Assignment:
State, as a number alone, how many lines of the entries contain the word "warning".
:: Information
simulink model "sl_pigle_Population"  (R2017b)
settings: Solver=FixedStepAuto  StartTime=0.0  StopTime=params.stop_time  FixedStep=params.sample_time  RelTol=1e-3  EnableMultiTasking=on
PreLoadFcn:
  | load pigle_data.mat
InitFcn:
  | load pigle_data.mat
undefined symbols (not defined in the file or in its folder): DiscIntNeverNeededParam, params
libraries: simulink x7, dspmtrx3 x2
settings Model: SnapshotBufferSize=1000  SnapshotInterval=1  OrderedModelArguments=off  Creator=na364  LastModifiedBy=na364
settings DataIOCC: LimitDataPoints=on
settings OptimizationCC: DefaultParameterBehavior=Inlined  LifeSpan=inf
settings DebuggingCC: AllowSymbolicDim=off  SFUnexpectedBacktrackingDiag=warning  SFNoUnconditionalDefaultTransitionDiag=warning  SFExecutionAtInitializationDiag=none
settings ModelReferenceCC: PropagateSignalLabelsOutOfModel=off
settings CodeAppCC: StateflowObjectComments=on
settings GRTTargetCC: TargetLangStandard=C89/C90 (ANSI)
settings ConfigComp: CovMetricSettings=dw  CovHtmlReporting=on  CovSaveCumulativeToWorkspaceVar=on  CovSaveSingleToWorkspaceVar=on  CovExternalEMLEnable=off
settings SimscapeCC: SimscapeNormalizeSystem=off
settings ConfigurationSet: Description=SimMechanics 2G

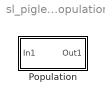
== system sl_pigle_Population ==
  Population : Subsystem

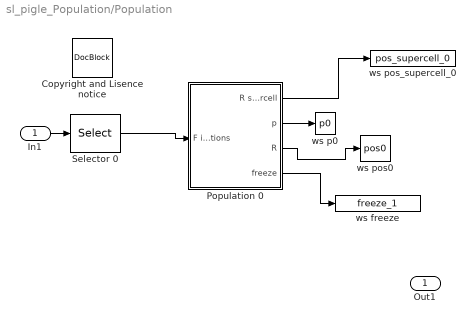
== system sl_pigle_Population/Population ==
  In1 : Inport
  Copyright and Lisence notice : simulink/Model-Wide Utilities/DocBlock  DocumentType=Text
      content=|
      | % Copyright (c) 2018, Nadav Avidor.
      | % All rights reserved.
      | % This file is part of the PIGLE - Particles Interacting in Generalized Langevin Equation simulator, subject to the
      | % GNU/GPL-3.0-or-later.
  Population 0 : Subsystem
  Selector 0 : Selector  NumberOfDimensions=2  InputPortWidth=3  IndexOptions=Select all,Starting index (dialog)  Indices=[1 3],1  OutputSizes=1,params.prtcl(1).Nprtcl
  ws freeze : ToWorkspace  VariableName=freeze_1  SampleTime=-1
      settings: Decimation=params.decimation
  ws p0 : ToWorkspace  VariableName=p0  SampleTime=-1
      settings: Decimation=params.decimation
  ws pos0 : ToWorkspace  VariableName=pos0  SampleTime=-1
      settings: Decimation=params.decimation
  ws pos_supercell_0 : ToWorkspace  VariableName=pos_supercell_0  SampleTime=-1
      settings: Decimation=params.decimation
  Out1 : Outport
  wires:
  Population 0/1(R supercell) -> ws pos_supercell_0/1
  Population 0/2(p) -> ws p0/1
  Population 0/3(R) -> ws pos0/1
  Selector 0/1 -> Population 0/1(F interactions)
  In1/1 -> Selector 0/1
  Population 0/4(freeze) -> ws freeze/1

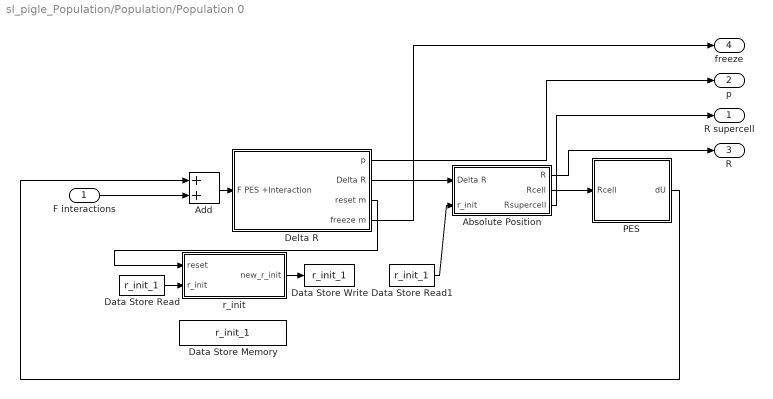
== system sl_pigle_Population/Population/Population 0 ==
  F interactions : Inport
  Absolute Position : Subsystem
  Add : Sum
  Data Store Memory : DataStoreMemory  DataStoreName=r_init_1  ReadBeforeWriteMsg=warning  WriteAfterWriteMsg=warning  WriteAfterReadMsg=warning  InitialValue=params.prtcl(1).r_init  VectorParams1D=off  ShowAdditionalParam=off
  Data Store Read : DataStoreRead  DataStoreName=r_init_1
  Data Store Read1 : DataStoreRead  DataStoreName=r_init_1
  Data Store Write : DataStoreWrite  DataStoreName=r_init_1
  Delta R : Subsystem
  PES : Subsystem
  r_init : Subsystem  TreatAsAtomicUnit=on
  R supercell : Outport
  p : Outport  Port=2
  R : Outport  Port=3
  freeze : Outport  Port=4
  wires:
  Add/1 -> Delta R/1(F PES +Interaction)
  F interactions/1 -> Add/2
  Absolute Position/1(R) -> R/1
  Absolute Position/3(Rsupercell) -> R supercell/1
  PES/1(dU) -> Add/1
  Delta R/1(p) -> p/1
  Delta R/2(Delta R) -> Absolute Position/1(Delta R)
  Absolute Position/2(Rcell) -> PES/1(Rcell)
  Delta R/3(reset m) -> r_init/1(reset)
  Data Store Read1/1 -> Absolute Position/2(r_init)
  Data Store Read/1 -> r_init/2(r_init)
  r_init/1(new_r_init) -> Data Store Write/1
  Delta R/4(freeze m) -> freeze/1

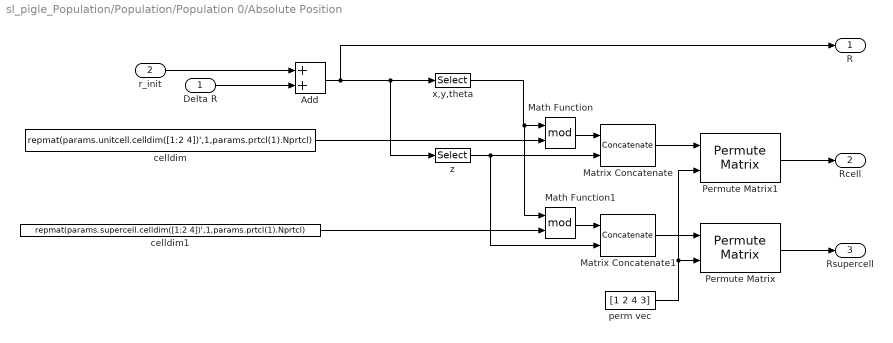
== system sl_pigle_Population/Population/Population 0/Absolute Position ==
  Delta R : Inport
  r_init : Inport  Port=2
  Add : Sum  Inputs=2
  Math Function : Math  Operator=mod  SaturateOnIntegerOverflow=on
  Math Function1 : Math  Operator=mod  SaturateOnIntegerOverflow=on
  Matrix Concatenate : Concatenate  Mode=Multidimensional array
  Matrix Concatenate1 : Concatenate  Mode=Multidimensional array
  Permute Matrix : dspmtrx3/Permute Matrix  mode=Rows  ZeroOneIdxMode=One-based  errmode=Generate error  checkDims=on
      settings: SourceProductName=DSP System Toolbox  SourceProductBaseCode=DS
  Permute Matrix1 : dspmtrx3/Permute Matrix  mode=Rows  ZeroOneIdxMode=One-based  errmode=Generate error  checkDims=on
      settings: SourceProductName=DSP System Toolbox  SourceProductBaseCode=DS
  celldim : Constant  Value=repmat(params.unitcell.celldim([1:2 4])',1,params.prtcl(1).Nprtcl)
  celldim1 : Constant  Value=repmat(params.supercell.celldim([1:2 4])',1,params.prtcl(1).Nprtcl)
  perm vec : Constant  Value=[1 2 4 3]
  x,y,theta : Selector  NumberOfDimensions=2  InputPortWidth=3  IndexOptions=Index vector (dialog),Select all  Indices=[1:2 4],1  OutputSizes=1,1
  z : Selector  NumberOfDimensions=2  InputPortWidth=3  IndexOptions=Index vector (dialog),Select all  Indices=3,1  OutputSizes=1,1
  R : Outport
  Rcell : Outport  Port=2
  Rsupercell : Outport  Port=3
  wires:
  celldim/1 -> Math Function/2
  r_init/1 -> Add/1
  Delta R/1 -> Add/2
  celldim1/1 -> Math Function1/2
  Add/1 -> z/1, x,y,theta/1, R/1
  Matrix Concatenate1/1 -> Permute Matrix/1
  Math Function1/1 -> Matrix Concatenate1/1
  x,y,theta/1 -> Math Function1/1, Math Function/1
  Math Function/1 -> Matrix Concatenate/1
  z/1 -> Matrix Concatenate1/2, Matrix Concatenate/2
  Permute Matrix/1 -> Rsupercell/1
  Permute Matrix1/1 -> Rcell/1
  perm vec/1 -> Permute Matrix/2, Permute Matrix1/2
  Matrix Concatenate/1 -> Permute Matrix1/1

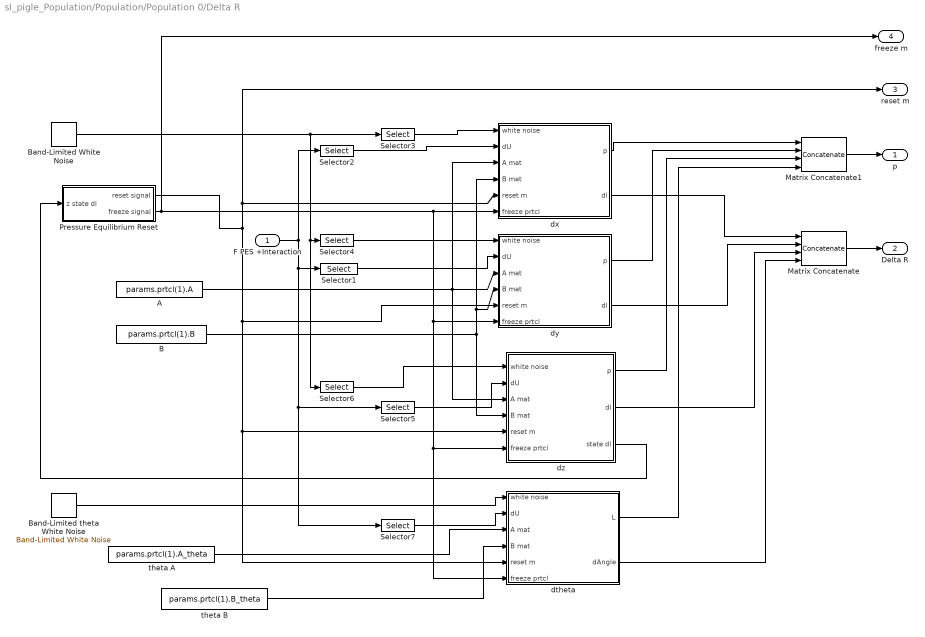
== system sl_pigle_Population/Population/Population 0/Delta R ==
  F PES +Interaction : Inport
  A : Constant  Value=params.prtcl(1).A  VectorParams1D=off
  B : Constant  Value=params.prtcl(1).B  VectorParams1D=off
  Band-Limited White Noise : simulink/Sources/Band-Limited White Noise  Cov=1  Ts=params.sample_time  seed=seed_values_1  VectorParams1D=off
  Band-Limited theta White Noise : simulink/Sources/Band-Limited White Noise  Cov=1  Ts=params.sample_time  seed=theta_seed_values_1  VectorParams1D=off
  Matrix Concatenate : Concatenate  NumInputs=4  Mode=Multidimensional array
  Matrix Concatenate1 : Concatenate  NumInputs=4  Mode=Multidimensional array
  Pressure Equilibrium Reset : Subsystem
  Selector1 : Selector  NumberOfDimensions=2  InputPortWidth=2  IndexOptions=Index vector (dialog),Select all  Indices=2,1  OutputSizes=1,1
  Selector2 : Selector  NumberOfDimensions=2  InputPortWidth=2  IndexOptions=Index vector (dialog),Select all  Indices=[1],1  OutputSizes=1,1
  Selector3 : Selector  NumberOfDimensions=3  InputPortWidth=2  IndexOptions=Select all,Select all,Index vector (dialog)  Indices=[1],1,1  OutputSizes=1,1,1
  Selector4 : Selector  NumberOfDimensions=3  InputPortWidth=2  IndexOptions=Select all,Select all,Index vector (dialog)  Indices=[1],1,2  OutputSizes=1,1,1
  Selector5 : Selector  NumberOfDimensions=2  InputPortWidth=2  IndexOptions=Index vector (dialog),Select all  Indices=3,1  OutputSizes=1,1
  Selector6 : Selector  NumberOfDimensions=3  InputPortWidth=2  IndexOptions=Select all,Select all,Index vector (dialog)  Indices=[1],1,3  OutputSizes=1,1,1
  Selector7 : Selector  NumberOfDimensions=2  InputPortWidth=2  IndexOptions=Index vector (dialog),Select all  Indices=4,1  OutputSizes=1,1
  dtheta : Subsystem
  dx : Subsystem
  dy : Subsystem
  dz : Subsystem
  theta A : Constant  Value=params.prtcl(1).A_theta  VectorParams1D=off
  theta B : Constant  Value=params.prtcl(1).B_theta  VectorParams1D=off
  p : Outport
  Delta R : Outport  Port=2
  reset m : Outport  Port=3
  freeze m : Outport  Port=4
  wires:
  A/1 -> dz/3(A mat), dx/3(A mat), dy/3(A mat)
  dx/1(p) -> Matrix Concatenate1/1
  dy/1(p) -> Matrix Concatenate1/2
  Band-Limited White Noise/1 -> Selector6/1, Selector4/1, Selector3/1
  Matrix Concatenate1/1 -> p/1
  Selector3/1 -> dx/1(white noise)
  dx/2(dl) -> Matrix Concatenate/1
  Matrix Concatenate/1 -> Delta R/1
  Selector2/1 -> dx/2(dU)
  Selector1/1 -> dy/2(dU)
  Selector4/1 -> dy/1(white noise)
  dy/2(dl) -> Matrix Concatenate/2
  F PES +Interaction/1 -> Selector2/1, Selector7/1, Selector5/1, Selector1/1
  B/1 -> dx/4(B mat), dy/4(B mat), dz/4(B mat)
  Selector6/1 -> dz/1(white noise)
  Selector5/1 -> dz/2(dU)
  Selector7/1 -> dtheta/2(dU)
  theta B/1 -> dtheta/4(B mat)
::::
Finished exercise:
2